When used in dusty conditions, for example, after some time they become dirty and lose contact with the switch bar. To repair this multimeter assembly, it is enough to remove the printed circuit board from its body and wipe the contact tracks with a cotton swab dipped in alcohol. Then a thin layer of high-quality technical Vaseline should be applied to them.

In conclusion, we note that if factory “missing connections” or shorted contacts in the multimeter are detected, these defects should be eliminated by using a low-voltage soldering iron with a well-sharpened tip. If you are not completely sure of the cause of the device failure, you should contact a specialist in the repair of measuring equipment.

Like any other item, a multimeter can fail during operation or have an initial, factory defect that went undetected during production. In order to find out how to repair a multimeter, you should first understand the nature of the damage.

Experts advise starting the search for the cause of the malfunction with a thorough inspection of the printed circuit board, since short circuits and poor soldering are possible, as well as defective pins of elements at the edges of the board.

Manufacturing defects in these devices appear mainly on the display. There can be up to ten species (see table). Therefore, it is better to repair digital multimeters using the instructions that come with the device.

Defect	Cause	Solution
When the device starts up, the screen lights up and slowly goes out.	Indicates a breakdown of the master oscillator, from where the signal is supplied to the screen substrate	It is necessary to check two elements: C1 and R15
During startup, the screen lights up and slowly goes out, but without the back cover the problem does not occur	When the lid is closed, the contact coil spring presses on resistor R15 and closes the master oscillator circuit	You can bend or shorten the spring itself
The screen indicators change from 0 to 1 when the device is turned on in voltage measurement mode	The reason may be poorly soldered, defective capacitors: C4, C5 and C2 and resistor R14	You need to solder them or install new ones
The device takes too long to reset to zero	Reason: poor quality capacitor SZ at the input
The readings on the screen take a long time to set when changing resistances	This happens due to a poor-quality capacitor C5	It is worth replacing it with another one with a lower absorption coefficient
The device does not work correctly when each mode is turned on. IC1 is overheating	This occurs due to the shorting of the long pins of the transistor test connector	You just need to open the leads
The readings jump when the voltage changes: instead of 220 volts they show from 200 to 240 volts	The reason is the loss of capacitance of the SZ capacitor due to its poor soldering, soldering of leads, or the absence of the capacitor itself	It is necessary to replace a working capacitor with a low absorption coefficient
When turned on, the device either beeps or is silent during dialing	Occurs due to poor-quality soldering of the pins of the IC2 chip	To solve, you need to solder the pins
Disappearing segments on the screen	Poor contact of the screen with the board contacts through the conductive inserts	It is necessary to correct the conductive rubber inserts, clean the contacts with alcohol and tin the contacts on the board

The same breakdowns can occur after use.
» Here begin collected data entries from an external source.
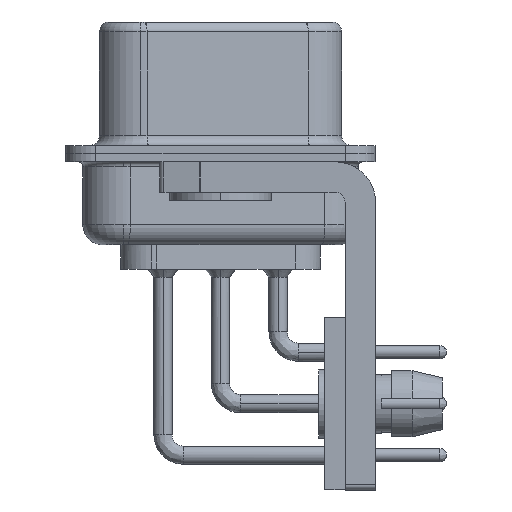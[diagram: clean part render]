
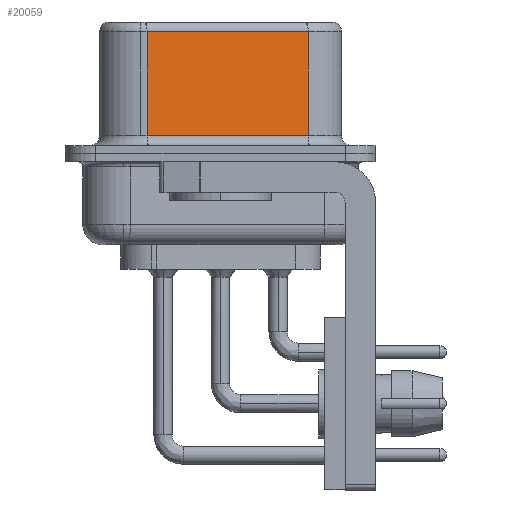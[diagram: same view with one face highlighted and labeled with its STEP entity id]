
A CAD part, left-side view. The second image highlights one B-rep face of the part: STEP entity #20059.
In plain terms, the highlighted planar face has unit normal (-0.985, -0.174, 0).
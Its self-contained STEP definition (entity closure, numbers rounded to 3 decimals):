
#5 = CARTESIAN_POINT ( 'NONE',  ( 5.132, -4.322, 0.9 ) ) ;
#889 = CARTESIAN_POINT ( 'NONE',  ( 3.73, 3.628, 6.02 ) ) ;
#925 = DIRECTION ( 'NONE',  ( 0.985, 0.174, 0. ) ) ;
#1403 = LINE ( 'NONE', #29913, #35118 ) ;
#2149 = ORIENTED_EDGE ( 'NONE', *, *, #13306, .T. ) ;
#3603 = EDGE_CURVE ( 'NONE', #32770, #31060, #1403, .T. ) ;
#3972 = VERTEX_POINT ( 'NONE', #38159 ) ;
#4291 = CARTESIAN_POINT ( 'NONE',  ( 5.132, -4.322, 6.52 ) ) ;
#4820 = FACE_OUTER_BOUND ( 'NONE', #41585, .T. ) ;
#6341 = LINE ( 'NONE', #9903, #40079 ) ;
#7474 = EDGE_CURVE ( 'NONE', #16980, #32770, #6341, .T. ) ;
#9903 = CARTESIAN_POINT ( 'NONE',  ( 3.73, 3.628, 6.52 ) ) ;
#11060 = DIRECTION ( 'NONE',  ( -0.174, 0.985, 0. ) ) ;
#11932 = LINE ( 'NONE', #32287, #18705 ) ;
#12552 = AXIS2_PLACEMENT_3D ( 'NONE', #4291, #925, #11060 ) ;
#13306 = EDGE_CURVE ( 'NONE', #3972, #16980, #11932, .T. ) ;
#16147 = VECTOR ( 'NONE', #16684, 1000. ) ;
#16331 = EDGE_CURVE ( 'NONE', #3972, #31060, #25054, .T. ) ;
#16684 = DIRECTION ( 'NONE',  ( 0., 0., -1. ) ) ;
#16980 = VERTEX_POINT ( 'NONE', #889 ) ;
#18372 = ORIENTED_EDGE ( 'NONE', *, *, #7474, .T. ) ;
#18705 = VECTOR ( 'NONE', #22075, 1000. ) ;
#20059 = ADVANCED_FACE ( 'NONE', ( #4820 ), #31205, .F. ) ;
#20679 = ORIENTED_EDGE ( 'NONE', *, *, #3603, .T. ) ;
#22075 = DIRECTION ( 'NONE',  ( -0.174, 0.985, 0. ) ) ;
#23955 = CARTESIAN_POINT ( 'NONE',  ( 3.73, 3.628, 0.9 ) ) ;
#25054 = LINE ( 'NONE', #36943, #16147 ) ;
#29913 = CARTESIAN_POINT ( 'NONE',  ( 5.132, -4.322, 0.9 ) ) ;
#30647 = DIRECTION ( 'NONE',  ( 0.174, -0.985, 0. ) ) ;
#31060 = VERTEX_POINT ( 'NONE', #5 ) ;
#31205 = PLANE ( 'NONE',  #12552 ) ;
#32287 = CARTESIAN_POINT ( 'NONE',  ( 5.132, -4.322, 6.02 ) ) ;
#32770 = VERTEX_POINT ( 'NONE', #23955 ) ;
#33457 = DIRECTION ( 'NONE',  ( 0., 0., -1. ) ) ;
#35118 = VECTOR ( 'NONE', #30647, 1000. ) ;
#36943 = CARTESIAN_POINT ( 'NONE',  ( 5.132, -4.322, 6.52 ) ) ;
#38159 = CARTESIAN_POINT ( 'NONE',  ( 5.132, -4.322, 6.02 ) ) ;
#40079 = VECTOR ( 'NONE', #33457, 1000. ) ;
#41585 = EDGE_LOOP ( 'NONE', ( #43664, #2149, #18372, #20679 ) ) ;
#43664 = ORIENTED_EDGE ( 'NONE', *, *, #16331, .F. ) ;
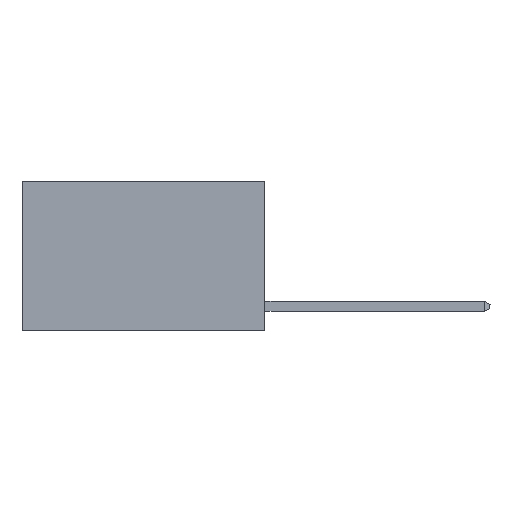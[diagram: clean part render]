
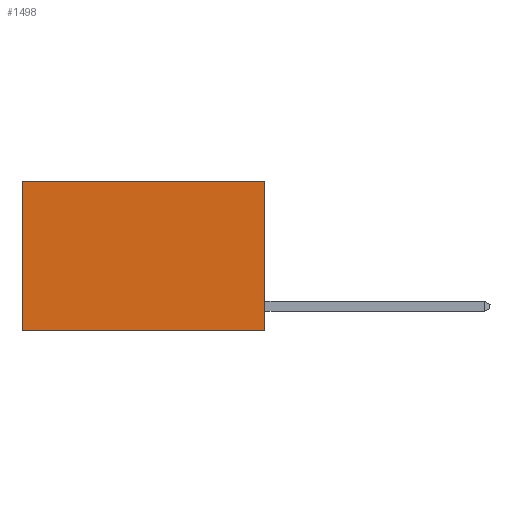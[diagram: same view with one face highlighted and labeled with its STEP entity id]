
A CAD part, left-side view. The second image highlights one B-rep face of the part: STEP entity #1498.
In plain terms, the highlighted planar face has unit normal (-1, 0, 0).
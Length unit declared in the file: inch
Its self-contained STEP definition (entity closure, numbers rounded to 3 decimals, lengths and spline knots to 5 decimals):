
#1096 = LINE ( 'NONE', #13480, #13170 ) ;
#1466 = VECTOR ( 'NONE', #2198, 39.37008 ) ;
#1498 = ADVANCED_FACE ( 'NONE', ( #6498 ), #6883, .F. ) ;
#1637 = EDGE_LOOP ( 'NONE', ( #4781, #7833, #13658, #2022 ) ) ;
#2022 = ORIENTED_EDGE ( 'NONE', *, *, #10947, .T. ) ;
#2198 = DIRECTION ( 'NONE',  ( 0., 0., -1. ) ) ;
#2803 = DIRECTION ( 'NONE',  ( 1., 0., 0. ) ) ;
#3829 = VECTOR ( 'NONE', #10473, 39.37008 ) ;
#4051 = CARTESIAN_POINT ( 'NONE',  ( 0.2625, 0., 0. ) ) ;
#4175 = VERTEX_POINT ( 'NONE', #4743 ) ;
#4743 = CARTESIAN_POINT ( 'NONE',  ( 0.2625, 0., 0. ) ) ;
#4781 = ORIENTED_EDGE ( 'NONE', *, *, #10933, .T. ) ;
#5078 = CARTESIAN_POINT ( 'NONE',  ( 0.2625, 0., -0.37 ) ) ;
#5118 = VERTEX_POINT ( 'NONE', #12470 ) ;
#5125 = DIRECTION ( 'NONE',  ( 0., 1., 0. ) ) ;
#5474 = DIRECTION ( 'NONE',  ( 0., 0., -1. ) ) ;
#5722 = DIRECTION ( 'NONE',  ( 0., 1., 0. ) ) ;
#6050 = AXIS2_PLACEMENT_3D ( 'NONE', #4051, #2803, #5474 ) ;
#6498 = FACE_OUTER_BOUND ( 'NONE', #1637, .T. ) ;
#6845 = CARTESIAN_POINT ( 'NONE',  ( 0.2625, 0.6, 0. ) ) ;
#6883 = PLANE ( 'NONE',  #6050 ) ;
#7104 = VERTEX_POINT ( 'NONE', #6845 ) ;
#7596 = VERTEX_POINT ( 'NONE', #13154 ) ;
#7833 = ORIENTED_EDGE ( 'NONE', *, *, #13346, .F. ) ;
#7982 = VECTOR ( 'NONE', #5125, 39.37008 ) ;
#8339 = LINE ( 'NONE', #5078, #7982 ) ;
#9351 = CARTESIAN_POINT ( 'NONE',  ( 0.2625, 0., 0. ) ) ;
#9907 = LINE ( 'NONE', #9351, #3829 ) ;
#10243 = CARTESIAN_POINT ( 'NONE',  ( 0.2625, 0.6, 0. ) ) ;
#10473 = DIRECTION ( 'NONE',  ( 0., 0., -1. ) ) ;
#10933 = EDGE_CURVE ( 'NONE', #7104, #5118, #13505, .T. ) ;
#10947 = EDGE_CURVE ( 'NONE', #4175, #7104, #1096, .T. ) ;
#12470 = CARTESIAN_POINT ( 'NONE',  ( 0.2625, 0.6, -0.37 ) ) ;
#12644 = EDGE_CURVE ( 'NONE', #4175, #7596, #9907, .T. ) ;
#13154 = CARTESIAN_POINT ( 'NONE',  ( 0.2625, 0., -0.37 ) ) ;
#13170 = VECTOR ( 'NONE', #5722, 39.37008 ) ;
#13346 = EDGE_CURVE ( 'NONE', #7596, #5118, #8339, .T. ) ;
#13480 = CARTESIAN_POINT ( 'NONE',  ( 0.2625, 0., 0. ) ) ;
#13505 = LINE ( 'NONE', #10243, #1466 ) ;
#13658 = ORIENTED_EDGE ( 'NONE', *, *, #12644, .F. ) ;

The malfunctions described above may also appear during operation. However, if the device operates in constant voltage measurement mode, it rarely breaks down.

The reason for this is its overload protection. Also, repairing a faulty device should begin with checking the supply voltage and the functionality of the ADC: stabilization voltage of 3 V and the absence of breakdown between the power pins and the common pin of the ADC.

Experienced users and professionals have repeatedly stated that one of the most likely causes of frequent breakdowns in the device is poor quality manufacturing. Namely, soldering contacts using acid. As a result, the contacts simply oxidize.

However, if you are not sure what kind of breakdown caused the device to not work, you should still contact a specialist for advice or help.